The countries you mention don't have:

Unions
EPA
OSHA
High Corp Taxation

And so on. The playing field isn't anywhere near level.

Could be a coincidence though.
 
The real problem with our economy is this:

boedicca-albums-more-boedicca-s-stuff-picture3446-handouts.jpg
 
And a subset of The Problem:

boedicca-albums-more-boedicca-s-stuff-picture3448-saupload-10-01-03-goods-government-thumb1.png
 
I don’t think it is correct to say a service economy does not produce wealth. When we talk about a service economy, there is lot more to it than selling hamburger and cleaning carpets. Producing media, designing and programming computer systems, financial systems, and Internet services are huge industries, generating a lot of wealth. Many companies such as IBM who we think of as a manufacturing company derives most of it’s revenue from services.

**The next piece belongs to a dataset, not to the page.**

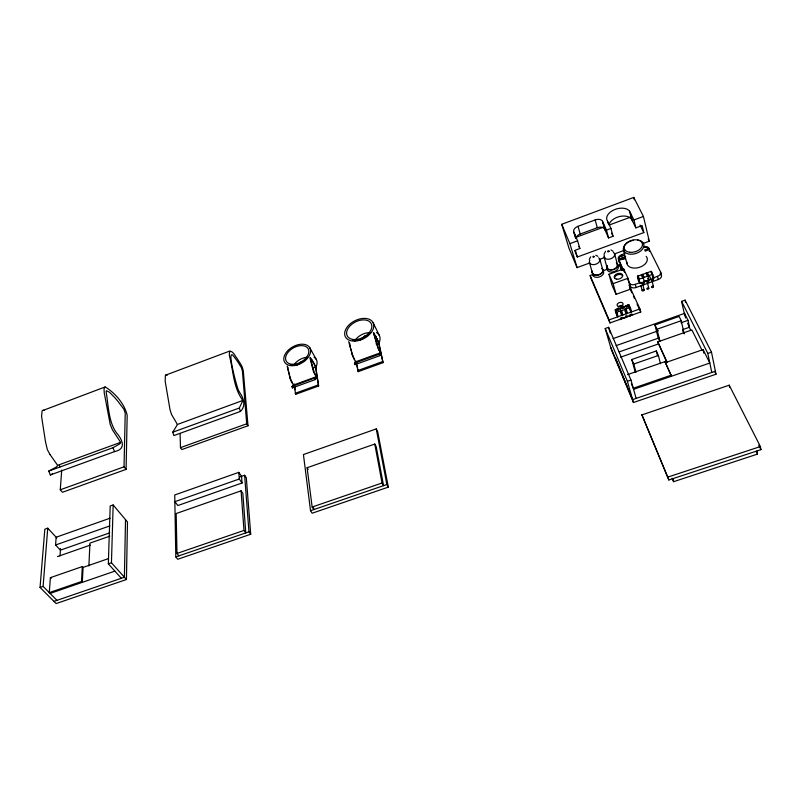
<?xml version="1.0" encoding="UTF-8"?>
<svg xmlns="http://www.w3.org/2000/svg" width="801" height="801" viewBox="0 0 801 801"><rect width="100%" height="100%" fill="white"/><g stroke="black" fill="none" stroke-linecap="round" stroke-linejoin="round"><path stroke-width="1.2" d="M56.821 537.942L47.75 528.169L44.836 529.201L40.05 587.443L56.13 603.574L126.438 579.523L127.469 521.982L113.161 504.96L110.188 506.012L108.335 563.844L121.331 578.292M125.517 519.669L124.395 577.241L53.947 601.381M61.717 470.067L60.275 489.781L62.458 492.265L126.087 469.376L127.179 415.308C124.566 403.744 114.763 392.68 105.181 386.933L42.093 410.783L41.572 416.46L45.467 441.571L47.339 449.641L49.992 454.537M309.937 357.777L312.941 369.812A3.524 0.651 69.9 0 0 314.022 372.735M126.087 469.376L124.035 466.813L125.226 413.176L123.975 409.341L118.268 401.782A94.848 34.854 69.8 0 0 114.493 397.346L109.527 392.3L106.603 390.778A4.556 1.592 68.4 0 0 106.092 391.629C108.295 404.395 108.345 418.683 114.703 430.167A147.184 58.323 70.7 0 1 116.806 433.231C122.363 439.679 126.698 449.081 114.553 451.614L50.323 474.953L48.741 471.098L56.31 467.033A30.949 12.836 68.3 0 0 56.531 466.843L57.432 465.731M126.438 579.523L111.449 562.763L113.161 504.96M348.715 341.616L352.14 354.372M88.881 565.937L89.952 543.108L109.787 536.169M81.532 581.516L82.303 566.587L50.393 577.651L49.272 592.62L81.532 581.516L82.313 582.337L83.074 567.418L82.303 566.587M60.015 555.954L60.526 548.555M109.727 532.855L60.415 550.147L55.579 544.99L56.15 537.221L110.097 518.187M242.713 400.921L239.299 408.039L172.746 432.21L173.887 435.564L240.46 411.424C246.037 406.007 243.894 398.417 239.93 392.921A76.566 20.155 70.1 0 0 238.578 390.498C237.046 387.974 225.121 343.729 234.443 357.296A51.875 12.916 69.7 0 1 235.484 358.638A50.123 12.466 69.7 0 1 237.817 361.902L241.421 367.689L242.413 371.093L246.708 423.789L248 425.762L181.847 449.561L180.455 447.649L180.115 433.882M56.951 600.35L43.094 586.392L47.75 528.169M287.179 366.127L290.042 378.162M177.341 424.71L172.746 432.21M603.994 254.297L605.566 251.274M589.336 259.334L590.697 256.801M625.461 316.275L627.013 315.644A1.622 1.121 -23.7 0 1 627.353 316.685L625.811 317.316A1.622 1.121 -23.8 0 1 625.471 316.275M120.53 442.643L120.54 442.613A6.648 2.373 69.2 0 0 120.591 442.462M120.46 442.783L119.79 443.754A31.259 11.214 68.7 0 1 119.529 444.004L112.981 447.709L48.741 471.098M57.492 465.611L57.512 465.591A6.578 2.723 68.9 0 0 57.582 465.431M618.612 309.617L618.692 309.426A1.602 1.121 -23.8 0 0 618.342 308.395L616.81 309.026A1.602 1.121 -23.8 0 0 617.16 310.057L618.002 310.127M623.298 307.944L623.378 307.754A1.602 1.121 -24 0 0 623.028 306.713L621.496 307.344A1.612 1.121 -24 0 0 621.846 308.385L622.597 308.485M627.924 306.362L628.064 306.082A1.612 1.121 -24.2 0 0 627.724 305.041L626.182 305.672A1.612 1.121 -24.2 0 0 626.532 306.713L627.193 306.823M293.556 387.053L293.747 385.581L292.335 382.518M637.616 276.225L641.861 274.733A1.071 0.761 -25.8 0 1 642.162 275.123L644.374 281.271A1.071 0.751 -25.7 0 0 644.685 281.652L648.93 280.17A1.051 0.741 -25.8 0 0 649.05 279.589L646.848 273.421A1.071 0.761 -26 0 0 646.547 273.041L642.292 274.533M653.626 278.478L649.371 279.96A1.071 0.751 -25.9 0 1 649.07 279.579M355.724 364.065C354.783 365.456 353.932 363.193 355.123 362.683M292.946 385.812L291.894 386.533L292.405 387.884L315.414 379.534L316.665 377.862L315.173 374.197A45.146 8.601 70.2 0 0 314.172 372.245L310.548 358.898L312.01 360.68A34.473 6.428 70.1 0 1 313.922 363.854L315.454 367.168L318.628 385.982L295.699 394.282L294.137 385.421M379.804 353.802L379.874 355.644L354.953 364.695M315.724 377.601L291.894 386.533M366.998 335.609L369.251 333.927M304.02 360.61L306.332 358.938M366.097 336.34L364.645 337.391M303.118 361.341L301.817 362.282M379.874 355.644L380.675 354.052L379.133 350.107A48.521 6.398 70.3 0 0 378.142 347.974L373.947 333.797L375.269 335.789A35.925 4.626 70.2 0 1 376.941 338.993L378.623 342.878L383.038 362.663L358.217 371.644L355.924 361.121M293.256 387.334L292.405 387.884M379.334 354.182L354.473 363.203M624.79 310.798C629.085 318.848 624.89 308.735 624.48 306.683M625.992 310.377L625.641 310.998M248 425.762L243.304 371.093A12.636 3.054 69.3 0 0 242.973 369.651L242.913 369.441A5.577 1.342 69.4 0 0 241.351 365.176L241.161 364.946A13.927 3.364 69.4 0 0 240.861 364.415L237.226 358.698A52.305 12.996 69.7 0 0 235.554 356.325C230.738 348.095 227.714 350.978 230.237 359.138C233.371 372.615 233.772 387.414 241.942 399.158A18.954 4.786 69.8 0 1 242.112 399.489L242.563 400.43M653.626 278.478A1.051 0.741 -26 0 0 653.746 277.897L651.533 271.729A1.081 0.761 -26.2 0 0 651.233 271.349L646.978 272.841A1.051 0.741 -26.1 0 0 646.858 273.421M652.975 274.693A1.081 0.761 -26.2 0 0 652.685 274.302L648.409 275.794A1.051 0.741 -26 0 0 648.289 276.385A1.081 0.761 -25.9 0 0 647.979 276.005L643.704 277.496A1.051 0.741 -25.8 0 0 643.593 278.077A1.071 0.761 -25.7 0 0 643.283 277.697L639.018 279.189A1.051 0.741 -25.6 0 0 638.898 279.769L639.699 282.953A1.071 0.751 -25.5 0 0 639.999 283.334L644.254 281.852A1.041 0.731 -25.6 0 0 644.364 281.271M230.057 350.938L165.386 375.228L165.196 381.346L170.062 409.912L171.634 414.658L176.55 422.978A18.753 5.847 69.6 0 1 176.721 423.308L177.311 424.49L242.613 400.54M50.323 474.953L52.445 473.952M299.714 363.464L297.491 364.275M362.392 338.663L359.979 339.544M626.302 309.046L627.343 313.391L626.632 313.241L625.441 308.846L629.997 307.614L628.945 304.851L619.774 308.225L621.135 310.738L624.98 309.516M642.622 274.262L644.094 277.196M619.844 308.335L615.198 309.907L616.57 312.4L620.825 310.538L622.007 314.893L621.516 315.474L620.334 311.168M629.626 307.854C630.818 315.304 632.319 311.629 630.087 307.183M105.081 386.963L104.04 388.735L104.23 392.86L110.228 424.43L112.38 429.757L120.631 442.342L57.622 465.311L50.133 454.708M589.886 262.928L577.08 267.614L568.96 248.18L561.741 224.3L633.771 197.426L643.433 216.44L649.291 241.201L642.302 243.754M575.729 238.538L573.776 231.93A6.128 3.805 -18.3 0 1 577.992 226.323L595.163 219.935A6.168 3.815 -17.8 0 1 602.522 221.266L605.386 230.758L608.55 237.937L613.025 236.285L610.963 228.455L607.548 221.186A12.255 7.539 -17 0 1 615.268 209.361A12.255 7.539 -17 0 1 630.327 212.736L633.911 219.965L635.854 227.874L642.132 225.562L643.814 232.59L577.341 257.011L574.577 250.473M575.899 238.207A6.088 3.805 -18.2 0 1 580.234 234.042L597.296 227.714A6.128 3.815 -17.6 0 1 604.625 229.066L605.276 230.478M575.789 237.406L603.754 227.053M609.581 224.891L630.547 217.131M577.08 267.614L569.881 243.644L577.581 240.791L573.776 231.93M608.55 237.937L606.457 230.117L610.963 228.455M633.911 219.965L643.433 216.44M577.581 240.791L579.854 248.51L575.308 250.192L577.341 257.011M599.208 259.514L605.025 257.391M614.347 253.977L624.83 250.142M375.969 343.849L378.623 342.878M622.767 269.867L618.412 259.073A4.606 2.944 -16.5 0 1 621.466 254.828L624.87 253.587M376.971 344.31L379.043 343.559L377.992 340.595M376.901 344.57L379.103 343.769L383.038 362.663M313.271 367.959L315.454 367.168M619.233 262.207A4.586 2.944 -16.5 0 1 622.287 257.962L625.681 256.731M628.995 285.156L639.939 308.916L640.74 311.99L609.982 322.933L591.018 278.528L590.137 275.514L593.541 274.272M602.612 270.978L607.138 269.326M617.341 265.612L619.614 264.791L622.217 270.448M355.404 361.892L380.135 352.901M293.266 385.111L316.115 376.8M608.96 274.262L623.649 268.926L627.984 278.277L630.798 289.061L616.079 294.347L611.904 284.956L608.96 274.262L613.145 283.644L616.079 294.347M357.677 370.603L382.518 361.601M295.138 393.331L318.077 385.021M613.145 283.644L627.984 278.277M60.275 489.781L124.035 466.813M180.455 447.649L246.708 423.789M627.503 278.758L629.526 283.133A4.716 3.084 -15.9 0 0 635.263 284.355L641.11 282.252M643.453 281.401L645.796 280.56M652.825 278.037L657.501 276.345A4.756 3.084 -15.1 0 0 660.575 271.929L648.68 248.03A4.636 2.944 -15.8 0 0 643.423 246.818M629.336 284.085L630.347 286.277A4.706 3.084 -15.8 0 0 636.064 287.509L658.252 279.529A4.736 3.084 -15 0 0 661.316 275.123L660.575 271.929M609.982 322.933L609.11 319.899L639.939 308.916M684.755 315.614L681.601 301.386L685.085 300.145L711.488 352.18L716.004 374.227L633.451 402.513L611.393 349.737L605.206 328.52L608.6 327.309L630.958 380.044L636.144 398.417M613.145 338.583L684.535 313.371L688.019 320.32L689.531 327.219L682.502 329.682M659.704 341.186L658.192 337.952L654.958 324.946L679.098 316.425L681.21 320.71L684.174 333.867L682.602 330.653M242.042 482.993L239.279 479.008L174.878 501.666L177.862 505.531L242.042 482.993L241.552 476.345L238.798 472.36L174.738 494.968L175.819 556.915L177.742 559.258L250.713 534.257L246.308 477.726L244.625 475.263L239.96 476.905M654.958 324.946L656.98 329.251L681.21 320.71M376.25 428.905L303.429 454.557L310.538 510.708L312.16 513.211L388.315 487.128L377.651 431.529L376.25 428.905L386.873 484.515L388.315 487.128M616.129 345.621L658.552 330.693M680.95 322.803L688.019 320.32M55.579 544.99L109.847 525.907M290.352 364.775L292.295 364.705M619.213 351.889L659.063 337.902M666.853 362.493L657.761 341.897L691.894 329.932L702.177 350.508M620.585 357.176L658.242 343.999M241.091 490.833L243.975 530.442L245.777 532.915L242.843 493.326L241.091 490.833L176.17 513.541L176.991 553.451L178.943 555.844M313.471 507.133L313.792 509.586L312.15 507.023L307.103 467.734L374.768 444.054L376.22 446.718L383.549 485.656L382.067 483.003L374.768 444.054M57.452 556.595L90.153 545.151M635.343 372.395L631.789 359.509L656.319 350.948L658.392 355.464L660.475 363.754M631.789 359.509L633.751 364.044L658.392 355.464M627.513 374.628L664.97 361.631L671.478 376.25L664.97 361.631M665.451 362.643L703.078 349.586L709.816 363.033L633.571 389.306M82.653 567.559L108.295 558.677M605.206 328.52L627.383 381.286L630.958 380.044M681.601 301.386L707.824 353.441L711.488 352.18M40.05 587.443L43.094 586.392M108.335 563.844L111.449 562.763M671.218 375.168L633.271 388.245L631.358 383.709M50.073 593.431L114.883 571.123M176.991 553.451L243.975 530.442M312.15 507.023L382.067 483.003M715.393 371.233L632.62 399.629L610.552 346.853M175.819 556.915L248.961 531.824L250.713 534.257M310.538 510.708L386.873 484.515M641.931 414.898L729.21 385.191L760.399 446.558L760.95 449.651L668.865 479.979L641.931 414.898L668.865 479.979M42.793 410.282L44.506 410.432M668.054 477.016L760.399 446.558M672.129 478.257L673.591 481.691L757.496 454.097L756.935 450.973M165.847 374.868L167.239 375.218M646.027 273.031L647.448 275.985M642.752 277.677L641.341 274.723M352.49 340.075L354.302 340.055M357.596 339.984L355.984 340.075M295.219 364.685L293.767 364.745M595.774 255.259L597.856 256.29M611.003 249.972L613.145 251.344M287.939 367.259L287.909 368.55M629.997 309.126L631.258 311.549M621.175 319.048L622.637 318.367A1.622 1.121 -23.5 0 0 622.287 317.326L620.735 317.957A1.622 1.121 -23.6 0 0 621.085 318.998L621.085 318.998M642.362 284.305L643.954 283.814A1.632 1.151 -25.5 0 0 643.734 282.703M653.246 279.279L651.704 279.679A1.642 1.151 -26 0 0 651.864 280.881L653.456 280.4A1.632 1.151 -25.9 0 0 653.236 279.289M643.744 282.703L642.152 283.194A1.632 1.151 -25.6 0 0 642.372 284.295M310.377 357.697L312.11 360.11M50.393 577.651L51.184 578.462M349.647 343.078L350.427 347.454M373.687 332.535L374.738 334.217M312.15 360.18L313.171 361.862M307.103 467.734L308.175 469.446M313.501 362.432L314.252 363.754M309.667 347.524L316.125 359.188M291.184 380.365L290.453 378.452M291.334 381.366L292.555 383.659M375.499 335.619L376.34 337.221M314.222 373.036L315.194 374.908M621.987 314.803L622.838 315.003L621.656 310.698M615.699 309.316C614.928 310.788 620.034 323.754 617.02 312.35M758.687 445.196L760.95 449.651M756.384 451.884L757.496 454.097M648.219 239.078L649.291 241.201M714.892 372.004L716.004 374.227M640.049 225.071L643.814 232.59M687.548 323.244L689.531 327.219M688.57 325.897L690.772 330.332M376.87 338.282L377.331 339.213M660.234 272.951L661.316 275.123M630.327 212.736L632.269 220.635L635.854 227.874M650.712 271.329L652.154 274.292M652.304 274.933L653.756 277.897M373.056 322.593L379.294 335.369M353.722 358.307L354.382 359.659M652.274 276.806L653.236 278.778M649.571 276.345L651.634 280.6M647.358 272.54L648.8 275.504M647.598 278.488L648.55 280.46M637.997 275.924L639.398 278.888M637.606 276.215A1.041 0.741 -25.7 0 0 637.496 276.806L638.898 279.769M640.53 283.344L638.607 280.37A1.071 0.751 -25.6 0 1 638.307 279.99L637.496 276.806M638.297 279.99L639.699 282.953M611.574 233.171L613.025 236.285M378.493 349.276L379.043 350.458M657.761 341.897L667.343 362.583M378.052 348.335L373.356 332.585M618.412 259.073L623.969 271.108M620.425 267.854L621.466 270.117M629.796 288.22L631.879 292.755M633.441 296.15L634.482 298.413M637.085 304.07L640.74 311.99M603.283 222.948L606.457 230.117M352.991 356.165L353.391 356.996A48.33 7.469 70.2 0 1 354.412 359.108L355.984 363.264M578.943 246.388L579.854 248.51M590.137 275.514L609.11 319.899M561.741 224.3L569.881 243.644M112.981 447.709L114.553 451.614M314.903 378.172L315.414 379.534M59.424 465.171L59.855 467.073M616.41 314.242L615.228 309.987M352.891 355.914L351.559 351.469M239.299 408.039L240.46 411.424M574.387 233.351L575.689 237.757M577.992 226.323L580.234 234.042M616.6 361.321L615.879 358.828L627.053 386.312M608.6 327.309L610.262 333.046M589.406 262.498L592.47 273.081M627.383 381.286L633.451 402.513M351.269 350.448L350.698 348.415M599.839 259.344L602.803 269.917M616.169 312.16L617.371 316.455M604.134 257.111L607.028 267.604M633.751 364.044L636.004 372.245M595.163 219.935L597.296 227.714M290.282 377.872L289.872 376.31M672.78 478.698L673.591 481.691M602.522 221.266L604.625 229.066M614.617 253.937L617.461 264.58M628.254 304.831L629.115 308.075M619.614 264.791L620.154 266.833M607.548 221.186L608.149 223.419M629.115 305.021L630.267 309.346M629.526 283.133L630.347 286.277M621.466 254.828L622.287 257.962M623.649 268.926L624.59 272.52M623.428 249.972L626.973 263.679M635.263 284.355L636.064 287.509M315.914 367.769L315.874 367.619A2.954 0.541 69.9 0 0 314.923 364.906M289.632 375.399L288.901 372.525M640.99 285.877L642.172 290.553M656.319 350.948L657.521 355.684M642.963 285.296L644.134 289.972M288.67 371.624L288.14 369.491M642.692 277.246L642.172 275.113A1.041 0.741 -25.9 0 1 642.282 274.533M656.98 329.251L659.904 341.086M647.639 283.614L648.81 288.37A1.021 0.671 -15.3 0 1 647.408 289.281A1.021 0.671 -15.3 0 1 647.208 288.13A1.021 0.671 -15.3 0 1 648.81 288.37M629.526 211.134L631.478 219.033M652.334 281.992L653.476 286.688M633.771 197.426L634.332 199.779M651.533 271.729L652.054 273.872M648.68 248.03L649.441 251.204A4.626 2.944 -15.7 0 0 649.13 250.753M657.501 276.345L658.252 279.529M684.535 313.371L685.556 317.967M685.085 300.145L685.596 302.518M703.078 349.586L703.829 353.121M707.824 353.441L711.789 372.465M729.21 385.191L729.611 387.263M356.455 362.082L356.675 363.264M357.116 365.646L357.556 368.039M357.777 369.241L358.217 371.644M315.964 367.969L318.628 385.982M294.408 384.039L294.548 385.171M294.688 386.302L295.118 389.707M295.549 393.131L295.699 394.282M244.625 475.263L248.961 531.824M238.798 472.36L239.279 479.008M602.602 270.398A5.707 3.695 -17.4 0 1 599.388 276.956A5.707 3.695 -17.4 0 1 592.74 273.622M602.022 268.355A5.717 3.695 -17.4 0 1 598.527 275.003A5.717 3.695 -17.4 0 1 592.299 271.199M601.891 268.595A5.407 3.494 -17.4 0 1 598.577 274.783A5.407 3.494 -17.4 0 1 592.52 271.439M598.607 257.842A5.447 3.484 -17.6 0 1 598.627 262.558A5.447 3.484 -17.6 0 1 591.719 264.45A5.447 3.484 -17.6 0 1 589.846 260.245M616.53 263.259A5.427 3.494 -16.9 0 1 613.005 269.516A5.427 3.494 -16.9 0 1 607.248 265.762M613.356 252.445A5.477 3.494 -17.1 0 1 613.546 257.041A5.477 3.494 -17.1 0 1 606.788 259.123A5.477 3.494 -17.1 0 1 604.355 255.219M617.211 265.071A5.737 3.705 -16.9 0 1 616.9 270.017A5.737 3.705 -16.9 0 1 609.741 271.849A5.737 3.705 -16.9 0 1 607.649 267.524M616.299 262.788A5.747 3.705 -16.9 0 1 616.6 267.734A5.747 3.705 -16.9 0 1 609.341 269.847A5.747 3.705 -16.9 0 1 607.078 265.481M614.527 278.358A4.315 2.803 -16.5 0 1 617.931 274.693A4.315 2.803 -16.5 0 1 622.767 275.914M618.172 307.163A3.054 2.043 -16.2 0 1 622.868 305.662M627.013 306.993A1.031 0.691 -16 0 1 626.122 306.292A1.031 0.691 -16 0 1 627.393 305.561A1.031 0.691 -16 0 1 628.034 306.413M622.818 307.244A1.021 0.691 -16.1 0 1 623.388 308.005M622.527 308.635A1.021 0.691 -16.1 0 1 621.976 307.394M617.941 308.906A1.021 0.681 -16.3 0 1 618.732 309.607M617.931 310.277A1.021 0.681 -16.3 0 1 617.13 309.166M630.547 315.204A1.021 0.691 -15.8 0 1 628.695 315.995M625.871 316.795A1.021 0.691 -16 0 1 625.301 317.787A1.021 0.691 -16 0 1 624.009 317.586M621.186 318.397A1.021 0.681 -16.1 0 1 620.665 319.439A1.021 0.681 -16.1 0 1 619.343 319.188M643.624 289.592A1.021 0.671 -15.4 0 1 643.904 290.603A1.021 0.671 -15.4 0 1 642.332 290.783A1.021 0.671 -15.4 0 1 642.772 289.682M652.455 286.237A1.031 0.671 -15.1 0 1 653.406 287.038A1.031 0.671 -15.1 0 1 651.764 287.509A1.031 0.671 -15.1 0 1 652.094 286.337M644.605 249.882A4.626 2.944 -15.7 0 1 647.639 249.882M644.425 247.469A2.894 1.842 -15.8 0 1 647.478 248.59A2.894 1.842 -15.8 0 1 645.195 251.073M645.195 250.633A2.894 1.842 -15.7 0 1 646.727 250.583M620.765 259.925A2.864 1.842 -16.5 0 1 625.221 259.073M646.187 256.36A10.473 6.718 -16 0 1 639.078 267.444A10.473 6.718 -16 0 1 626.903 262.047M637.546 240.12A10.593 6.708 -16.2 0 1 641 250.723A10.593 6.708 -16.2 0 1 624.119 251.434A10.593 6.708 -16.2 0 1 633.501 240.29M608.93 224.741A12.175 7.549 -16.9 0 1 620.665 216.3A12.175 7.549 -16.9 0 1 632.269 220.635M353.281 357.506A3.765 0.561 70 0 1 352.15 354.392M364.896 335.619A11.544 0.881 -38.4 0 1 364.645 335.819M364.215 336.77A13.257 9.582 -31.9 0 1 362.202 337.932M360.05 340.125A13.257 10.954 -32.3 0 1 357.536 340.525M354.603 340.555A11.294 3.004 -7.1 0 1 354.082 340.525M376.44 332.505A15.389 10.002 -27 0 1 378.723 343.469M354.933 340.405A13.337 8.671 -27 0 1 370.903 332.635M314.092 357.216A14.358 9.282 -29.5 0 1 315.644 367.679M294.197 364.525A12.446 8.04 -29.5 0 1 306.913 357.276M291.424 380.815A44.986 9.512 70.1 0 1 292.025 381.917M291.113 381.076A3.514 0.721 69.8 0 1 290.052 378.182M301.426 361.682A12.355 8.861 -35 0 1 299.564 362.773M297.531 364.815A12.355 10.153 -36.5 0 1 295.229 365.166M292.545 365.176A10.553 2.944 -8 0 1 292.085 365.146M609.13 251.154C607.258 253.647 606.978 249.511 609.13 251.154M594.322 256.58C592.57 259.023 592.219 254.888 594.322 256.58M630.237 314.503L630.197 314.593A1.622 1.131 -24 0 0 630.537 315.634L632.089 315.003A1.622 1.131 -24 0 0 631.749 313.962L630.237 314.503M646.948 281.391L646.898 281.481A1.632 1.151 -25.8 0 0 647.118 282.593L648.7 282.112A1.632 1.151 -25.7 0 0 648.49 281.001L646.948 281.391M616.69 279.179A4.315 2.803 -16.6 0 0 622.617 275.284A4.315 2.803 -16.6 0 0 615.959 274.342A4.315 2.803 -16.6 0 0 616.69 279.179M618.853 306.583A3.064 2.043 -16.3 0 0 623.068 303.819A3.064 2.043 -16.3 0 0 618.332 303.068A3.064 2.043 -16.3 0 0 618.853 306.583M621.306 259.424A2.874 1.842 -16.6 0 0 624.99 256.67A2.874 1.842 -16.6 0 0 620.405 256.37A2.874 1.842 -16.6 0 0 621.306 259.424M629.666 252.275A9.422 5.967 -16.2 0 0 642.502 243.834A9.422 5.967 -16.2 0 0 627.904 242.052A9.422 5.967 -16.2 0 0 629.666 252.275M355.053 341.076A15.559 9.982 -27 0 0 373.426 323.444A15.559 9.982 -27 0 0 349.236 324.705A15.559 9.982 -27 0 0 355.053 341.076M355.584 339.544A13.487 8.651 -27 0 0 371.524 324.275A13.487 8.651 -27 0 0 350.568 325.346A13.487 8.651 -27 0 0 355.584 339.544M294.057 365.616A14.508 9.252 -29.5 0 0 310.087 348.305A14.508 9.252 -29.5 0 0 287.489 350.958A14.508 9.252 -29.5 0 0 294.057 365.616M294.458 364.185A12.576 8.02 -29.5 0 0 308.365 349.186A12.576 8.02 -29.5 0 0 288.781 351.459A12.576 8.02 -29.5 0 0 294.458 364.185"/></g></svg>

A country does not have to build widgets to be successful, but whatever it does, it must have a completive advantage and our advantage is not manufacturing.

The countries with largest service economies are also the countries with the most advanced economies and the highest standard of Living.

List of countries by GDP sector composition - Wikipedia, the free encyclopedia

I don't think moving to service based economy is the problem. In fact, it is a natural out growth of affluence. The fact that our economy is 70% consumption is a problem.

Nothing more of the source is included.